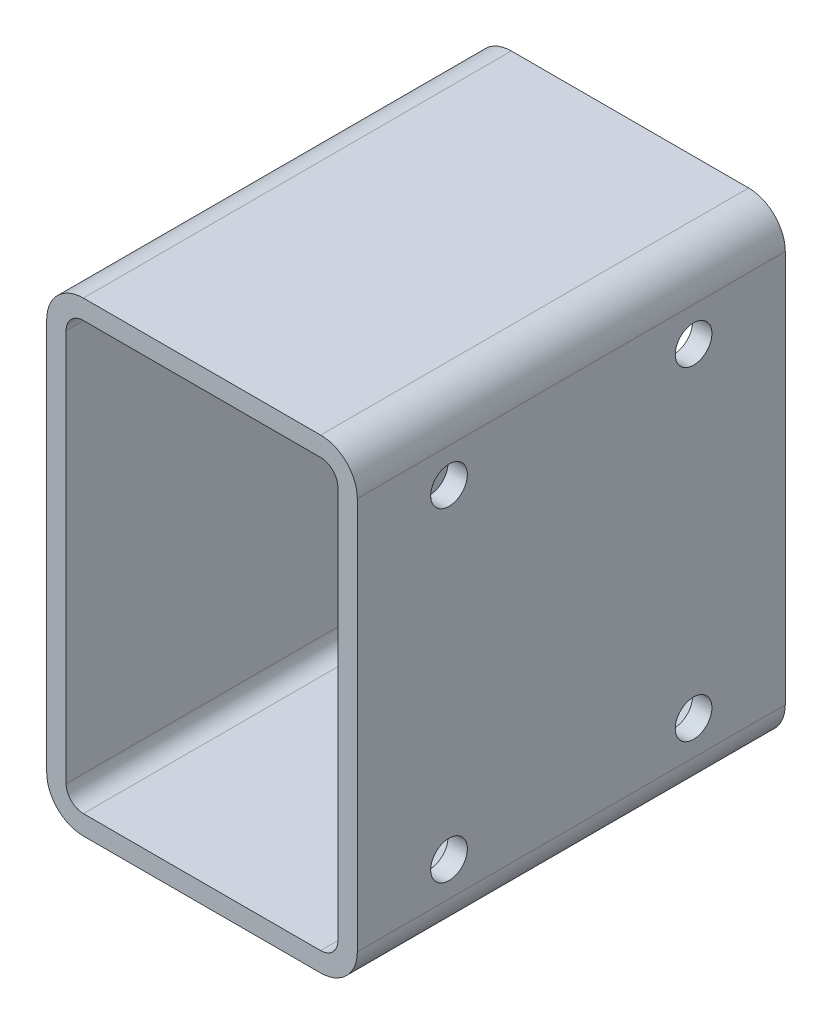
from build123d import *

# Parameters (mm, degrees)
BOSS_EXTRUDE1_DEPTH = 35
SKETCH2_R           = 3
CUT_EXTRUDE1_DEPTH  = 10


with BuildPart() as part:
    # Sketch1 → Boss-Extrude1 (new, symmetric)
    with BuildSketch(Plane.XY):
        with BuildLine():
            Line((19.4, -38.1), (-19.4, -38.1))
            ThreePointArc((-19.4, -38.1), (-23.642640687, -36.342640687), (-25.4, -32.1))
            Line((-25.4, -32.1), (-25.4, 32.1))
            ThreePointArc((-25.4, 32.1), (-23.642640687, 36.342640687), (-19.4, 38.1))
            Line((-19.4, 38.1), (19.4, 38.1))
            ThreePointArc((19.4, 38.1), (23.642640687, 36.342640687), (25.4, 32.1))
            Line((25.4, 32.1), (25.4, -32.1))
            ThreePointArc((25.4, -32.1), (23.642640687, -36.342640687), (19.4, -38.1))
        make_face()
        with BuildLine():
            Line((19.4, 34.925), (-19.4, 34.925))
            ThreePointArc((-19.4, 34.925), (-21.397576657, 34.097576657), (-22.225, 32.1))
            Line((-22.225, 32.1), (-22.225, -32.1))
            ThreePointArc((-22.225, -32.1), (-21.397576657, -34.097576657), (-19.4, -34.925))
            Line((-19.4, -34.925), (19.4, -34.925))
            ThreePointArc((19.4, -34.925), (21.397576657, -34.097576657), (22.225, -32.1))
            Line((22.225, -32.1), (22.225, 32.1))
            ThreePointArc((22.225, 32.1), (21.397576657, 34.097576657), (19.4, 34.925))
        make_face(mode=Mode.SUBTRACT)
    extrude(amount=BOSS_EXTRUDE1_DEPTH, both=True)

    # Sketch2 → Cut-Extrude1 (cut)
    with BuildSketch(Plane(origin=(25.4, 0, 0), x_dir=(0, 0, -1), z_dir=(1, 0, 0))):
        with Locations(Location((-20, 26.5, 0), (0, 0, 90))):
            Circle(SKETCH2_R)
        with Locations(Location((20, 26.5, 0), (0, 0, 90))):
            Circle(SKETCH2_R)
        with Locations(Location((20, -26.5, 0), (0, 0, 90))):
            Circle(SKETCH2_R)
        with Locations(Location((-20, -26.5, 0), (0, 0, 90))):
            Circle(SKETCH2_R)
    extrude(amount=-CUT_EXTRUDE1_DEPTH, mode=Mode.SUBTRACT)


solid = part.part
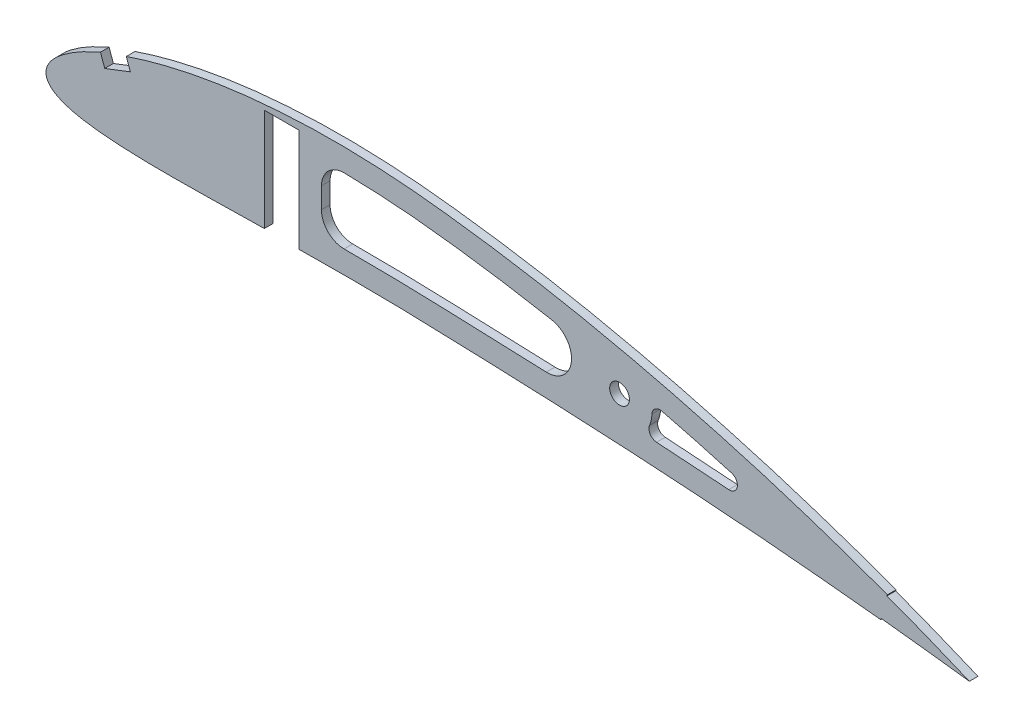
from build123d import *

# Parameters (mm, degrees)
BOSS_EXTRUDE1_DEPTH = 3.4036


with BuildPart() as part:
    # Sketch2 → Boss-Extrude1 (new body)
    with BuildSketch(Plane.XY):
        with BuildLine():
            Line((2535.274805049, 2780.893223643), (2535.274805049, 2740.543361122))
            add(Edge.make_bspline(
                [(2470.766103702, 2768.410457858), (2470.646363815, 2768.358370186), (2470.526712246, 2768.306083676), (2466.913650609, 2766.719977087), (2463.464058775, 2765.044567586), (2457.884399007, 2761.615856063), (2455.608911301, 2760.022433856), (2451.964070041, 2756.675565287), (2450.465728267, 2754.947704601), (2449.289153427, 2751.740968519), (2449.156845546, 2750.440082954), (2449.952027869, 2748.064324238), (2450.809883366, 2747.015100953), (2452.679965619, 2745.532727698), (2453.700996299, 2744.975168564), (2455.737837909, 2744.036068031), (2456.824400221, 2743.665360108), (2460.204069688, 2742.607686032), (2462.568258916, 2742.14769235), (2467.320698583, 2741.37212577), (2469.719825171, 2741.106348945), (2476.948343474, 2740.464859033), (2481.784959026, 2740.2115118), (2491.469537197, 2739.981485553), (2496.312043463, 2739.970228934), (2511.07935418, 2740.05419246), (2520.979134882, 2740.284580717), (2532.350045622, 2740.487337232), (2533.812383917, 2740.515077162), (2535.274805049, 2740.543361122)],
                knots=[14.135708649, 14.135708649, 14.135708649, 14.135708649, 14.151211266, 14.151211266, 14.60418364, 14.60418364, 14.932415743, 14.932415743, 15.199764537, 15.199764537, 15.36293217, 15.36293217, 15.526099802, 15.526099802, 15.662859963, 15.662859963, 15.799620124, 15.799620124, 16.08612483, 16.08612483, 16.372629537, 16.372629537, 16.94563895, 16.94563895, 17.518648363, 17.518648363, 18.689255122, 18.689255122, 18.862005391, 18.862005391, 18.862005391, 18.862005391], degree=3))
            Line((2470.766103702, 2768.410457858), (2472.446764627, 2763.696275266))
            Line((2472.446764627, 2763.696275266), (2482.522098625, 2767.581637536))
            Line((2482.522098625, 2767.581637536), (2480.933451784, 2772.037724527))
            add(Edge.make_bspline(
                [(2780.542520861, 2738.304796601), (2778.297471279, 2739.142019831), (2776.066016024, 2739.994442341), (2771.008325617, 2741.806292996), (2768.18144962, 2742.797529212), (2759.625872554, 2745.848173798), (2753.840462047, 2747.755489462), (2742.238670832, 2751.518458512), (2736.423638946, 2753.367260119), (2724.751445821, 2756.856399923), (2718.882147108, 2758.516262971), (2708.186181794, 2761.475176204), (2703.375708913, 2762.759245987), (2693.688631483, 2765.207206449), (2688.860326868, 2766.449259942), (2679.136671431, 2768.709757651), (2674.257764472, 2769.781661922), (2664.508292075, 2771.926157494), (2659.616809192, 2772.927359188), (2649.829036467, 2774.78903222), (2644.906848922, 2775.708538585), (2635.081058528, 2777.389593315), (2630.134669196, 2778.190987447), (2621.163761513, 2779.504560399), (2617.075894031, 2780.084905445), (2607.950050259, 2781.247235699), (2602.846379088, 2781.820569992), (2592.680866333, 2782.883311443), (2587.583282915, 2783.254135837), (2577.37591978, 2783.863348746), (2572.264211381, 2784.045638297), (2562.055017904, 2784.177120229), (2556.940496788, 2784.131389377), (2546.726345746, 2783.750312928), (2541.620193263, 2783.45333894), (2522.377936656, 2781.865822712), (2508.272533492, 2779.665319702), (2489.975683566, 2774.935155246), (2485.418638544, 2773.582563598), (2480.933451784, 2772.037724527)],
                knots=[1.615826415, 1.615826415, 1.615826415, 1.615826415, 1.89861169, 1.89861169, 2.251569757, 2.251569757, 2.972379576, 2.972379576, 3.693189395, 3.693189395, 4.413999213, 4.413999213, 5.004034628, 5.004034628, 5.594070044, 5.594070044, 6.184105459, 6.184105459, 6.774140874, 6.774140874, 7.364176289, 7.364176289, 7.954211705, 7.954211705, 8.439681123, 8.439681123, 9.044668165, 9.044668165, 9.649655208, 9.649655208, 10.25464225, 10.25464225, 10.859629292, 10.859629292, 11.464616334, 11.464616334, 13.146196735, 13.146196735, 13.708744468, 13.708744468, 13.708744468, 13.708744468], degree=3))
            Line((2780.542520861, 2738.304796601), (2780.366179259, 2737.831929121))
            add(Edge.make_bspline(
                [(2812.811153408, 2724.948946669), (2811.742721472, 2725.395887757), (2810.661000778, 2725.841374778), (2805.162016263, 2728.122214921), (2800.746808293, 2729.909964469), (2791.811027497, 2733.531206027), (2787.390855916, 2735.226750848), (2782.055306735, 2737.205208616), (2781.210779035, 2737.518702972), (2780.366179259, 2737.831929121)],
                knots=[0.240373092, 0.240373092, 0.240373092, 0.240373092, 0.376824745, 0.376824745, 0.94322841, 0.94322841, 1.509632074, 1.509632074, 1.616176715, 1.616176715, 1.616176715, 1.616176715], degree=3))
            add(Edge.make_bspline(
                [(2778.019298543, 2729.044285785), (2779.174843082, 2728.917272472), (2780.33031454, 2728.787786942), (2787.996855373, 2727.910162037), (2794.540348084, 2727.201211519), (2804.935623835, 2725.921900676), (2808.829276968, 2725.401991523), (2812.811153408, 2724.948946669)],
                knots=[28.432746502, 28.432746502, 28.432746502, 28.432746502, 28.569989508, 28.569989508, 29.343340852, 29.343340852, 29.81381441, 29.81381441, 29.81381441, 29.81381441], degree=3))
            Line((2778.019298543, 2729.044285785), (2777.967751396, 2728.520373794))
            add(Edge.make_bspline(
                [(2548.870346536, 2740.268089351), (2549.880763048, 2740.280791201), (2552.565327641, 2740.3160213), (2556.947797606, 2740.376897376), (2562.030529235, 2740.378648073), (2567.173828356, 2740.39381358), (2572.377983544, 2740.409509961), (2577.654631688, 2740.377274897), (2582.978163683, 2740.28236022), (2588.350084988, 2740.236433315), (2593.779620592, 2740.051584682), (2599.307416132, 2739.897493113), (2604.908682597, 2739.718922546), (2610.572157053, 2739.566806388), (2616.257225785, 2739.322295029), (2621.969941233, 2739.17682533), (2627.679751972, 2738.945966374), (2633.40209681, 2738.733903132), (2639.136822152, 2738.529890084), (2644.868715349, 2738.265404796), (2650.588345306, 2738.013120304), (2656.296308508, 2737.780983088), (2661.987661359, 2737.459636088), (2667.671808974, 2737.255951086), (2673.311212153, 2736.903371818), (2678.915236244, 2736.595284197), (2684.481545426, 2736.275807889), (2690.011544993, 2735.973414703), (2695.489391996, 2735.627941228), (2700.902150582, 2735.239398457), (2706.254125464, 2734.868422551), (2711.544005033, 2734.495402469), (2716.748448208, 2734.140509688), (2721.876237554, 2733.749682567), (2726.912041029, 2733.295970625), (2731.881695192, 2732.941864964), (2736.757779223, 2732.505077311), (2741.539063821, 2732.115898579), (2746.215557291, 2731.661834713), (2750.770763986, 2731.236456626), (2755.214578157, 2730.814044563), (2759.534567055, 2730.395435297), (2763.74642736, 2730.008688105), (2767.826055945, 2729.543045622), (2771.793322217, 2729.188977061), (2775.151456937, 2728.792829736), (2777.200029602, 2728.59590913), (2777.967751396, 2728.520373794)],
                knots=[19.396955855, 19.396955855, 19.396955855, 19.396955855, 19.516306022, 19.714059236, 19.914611374, 20.116619667, 20.321540433, 20.529276424, 20.739840618, 20.950404813, 21.163744737, 21.381461041, 21.603553869, 21.825646696, 22.050605171, 22.275615756, 22.500574231, 22.725532706, 22.951950418, 23.17832576, 23.403241591, 23.628157423, 23.853040081, 24.076496408, 24.299895492, 24.520374829, 24.739394295, 24.958413761, 25.174498693, 25.387658693, 25.599358693, 25.808138693, 26.013998693, 26.215483983, 26.415525295, 26.611170743, 26.803912863, 26.993735323, 27.177747459, 27.358840435, 27.534095176, 27.704971321, 27.871468943, 28.033634134, 28.189915523, 28.34186779, 28.432980691, 28.432980691, 28.432980691, 28.432980691], degree=3))
            Line((2548.870346536, 2740.268089351), (2548.863805049, 2740.7884565))
            Line((2548.863805049, 2740.7884565), (2548.863805049, 2780.893223643))
            Line((2548.863805049, 2780.893223643), (2535.274805049, 2780.893223643))
        make_face()
        with BuildLine():
            Line((2557.75380505, 2766.338051462), (2557.753805049, 2758.173668513))
            ThreePointArc((2557.753805049, 2758.173668513), (2560.364468394, 2751.880654039), (2566.663148395, 2749.283689557))
            add(Edge.make_bspline(
                [(2566.663148395, 2749.283689557), (2567.439822141, 2749.28537949), (2568.21832178, 2749.287121889), (2573.587092614, 2749.300089397), (2578.32788588, 2749.244805303), (2585.825022944, 2749.142581173), (2589.036358319, 2749.0997975), (2595.165089719, 2748.908822657), (2598.167336091, 2748.823424784), (2604.257712531, 2748.63670442), (2607.248172017, 2748.558450952), (2612.867384093, 2748.369855698), (2615.291016485, 2748.262041663), (2620.124092488, 2748.110670374), (2622.661869101, 2748.038916534), (2627.621694753, 2747.849865673), (2630.051078266, 2747.753970997), (2637.052732353, 2747.497174336), (2641.706061455, 2747.304365544), (2646.263618968, 2747.103367152)],
                knots=[20.098452244, 20.098452244, 20.098452244, 20.098452244, 20.190362895, 20.190362895, 20.729094517, 20.729094517, 21.088163559, 21.088163559, 21.4472326, 21.4472326, 21.806301641, 21.806301641, 22.096767949, 22.096767949, 22.387234257, 22.387234257, 22.677700566, 22.677700566, 23.217183906, 23.217183906, 23.217183906, 23.217183906], degree=3))
            ThreePointArc((2646.263618968, 2747.103367152), (2656.146412526, 2755.535219019), (2648.426111877, 2765.983314171))
            add(Edge.make_bspline(
                [(2648.426111877, 2765.983314171), (2641.59243129, 2767.255171757), (2634.73375431, 2768.423361294), (2619.325224165, 2770.808594123), (2610.871110121, 2771.941596635), (2595.715687801, 2773.645858456), (2589.314555675, 2774.244707548), (2577.427735136, 2774.945348879), (2572.084779046, 2775.156655575), (2566.761726328, 2775.227269345)],
                knots=[6.961493486, 6.961493486, 6.961493486, 6.961493486, 7.79451578, 7.79451578, 8.825426338, 8.825426338, 9.617156173, 9.617156173, 10.265753337, 10.265753337, 10.265753337, 10.265753337], degree=3))
            ThreePointArc((2566.761726328, 2775.227269345), (2560.399456411, 2772.66578487), (2557.75380505, 2766.338051462))
        make_face(mode=Mode.SUBTRACT)
        with BuildLine():
            ThreePointArc((2718.098293363, 2742.948755457), (2721.456611216, 2745.559527675), (2719.203869949, 2749.167794179))
            add(Edge.make_bspline(
                [(2719.203869949, 2749.167794179), (2714.238092072, 2750.588361117), (2709.231509514, 2751.991354341), (2700.184998092, 2754.408379133), (2696.020099344, 2755.459590051), (2691.817251109, 2756.518477433)],
                knots=[4.060379897, 4.060379897, 4.060379897, 4.060379897, 4.675695902, 4.675695902, 5.188469227, 5.188469227, 5.188469227, 5.188469227], degree=3))
            ThreePointArc((2691.817251109, 2756.518477433), (2689.145550797, 2755.986403674), (2687.869645343, 2753.579507267))
            ThreePointArc((2687.869645343, 2753.579507267), (2687.580669946, 2751.383531079), (2686.916771023, 2749.270463069))
            ThreePointArc((2686.916771023, 2749.270463069), (2687.163429033, 2746.37078989), (2689.668722188, 2744.890097174))
            add(Edge.make_bspline(
                [(2689.668722188, 2744.890097174), (2690.923606701, 2744.817580048), (2692.18303199, 2744.742436563), (2699.065872366, 2744.306846173), (2704.600706314, 2743.894576065), (2712.774522449, 2743.322510938), (2715.42427843, 2743.144951328), (2718.098293363, 2742.948755457)],
                knots=[24.923660459, 24.923660459, 24.923660459, 24.923660459, 25.070608892, 25.070608892, 25.727122197, 25.727122197, 26.039951507, 26.039951507, 26.039951507, 26.039951507], degree=3))
        make_face(mode=Mode.SUBTRACT)
        with BuildLine():
            ThreePointArc((2671.219639614, 2754.142134825), (2675.105839614, 2750.255934825), (2678.992039614, 2754.142134825))
            ThreePointArc((2678.992039614, 2754.142134825), (2675.105839614, 2758.028334825), (2671.219639614, 2754.142134825))
        make_face(mode=Mode.SUBTRACT)
    extrude(amount=BOSS_EXTRUDE1_DEPTH)


solid = part.part

Goal of the exercise –
Examine the entries and report how many of their lines contain the string "Locations", giving no more than the number.

Output of the exercise –
4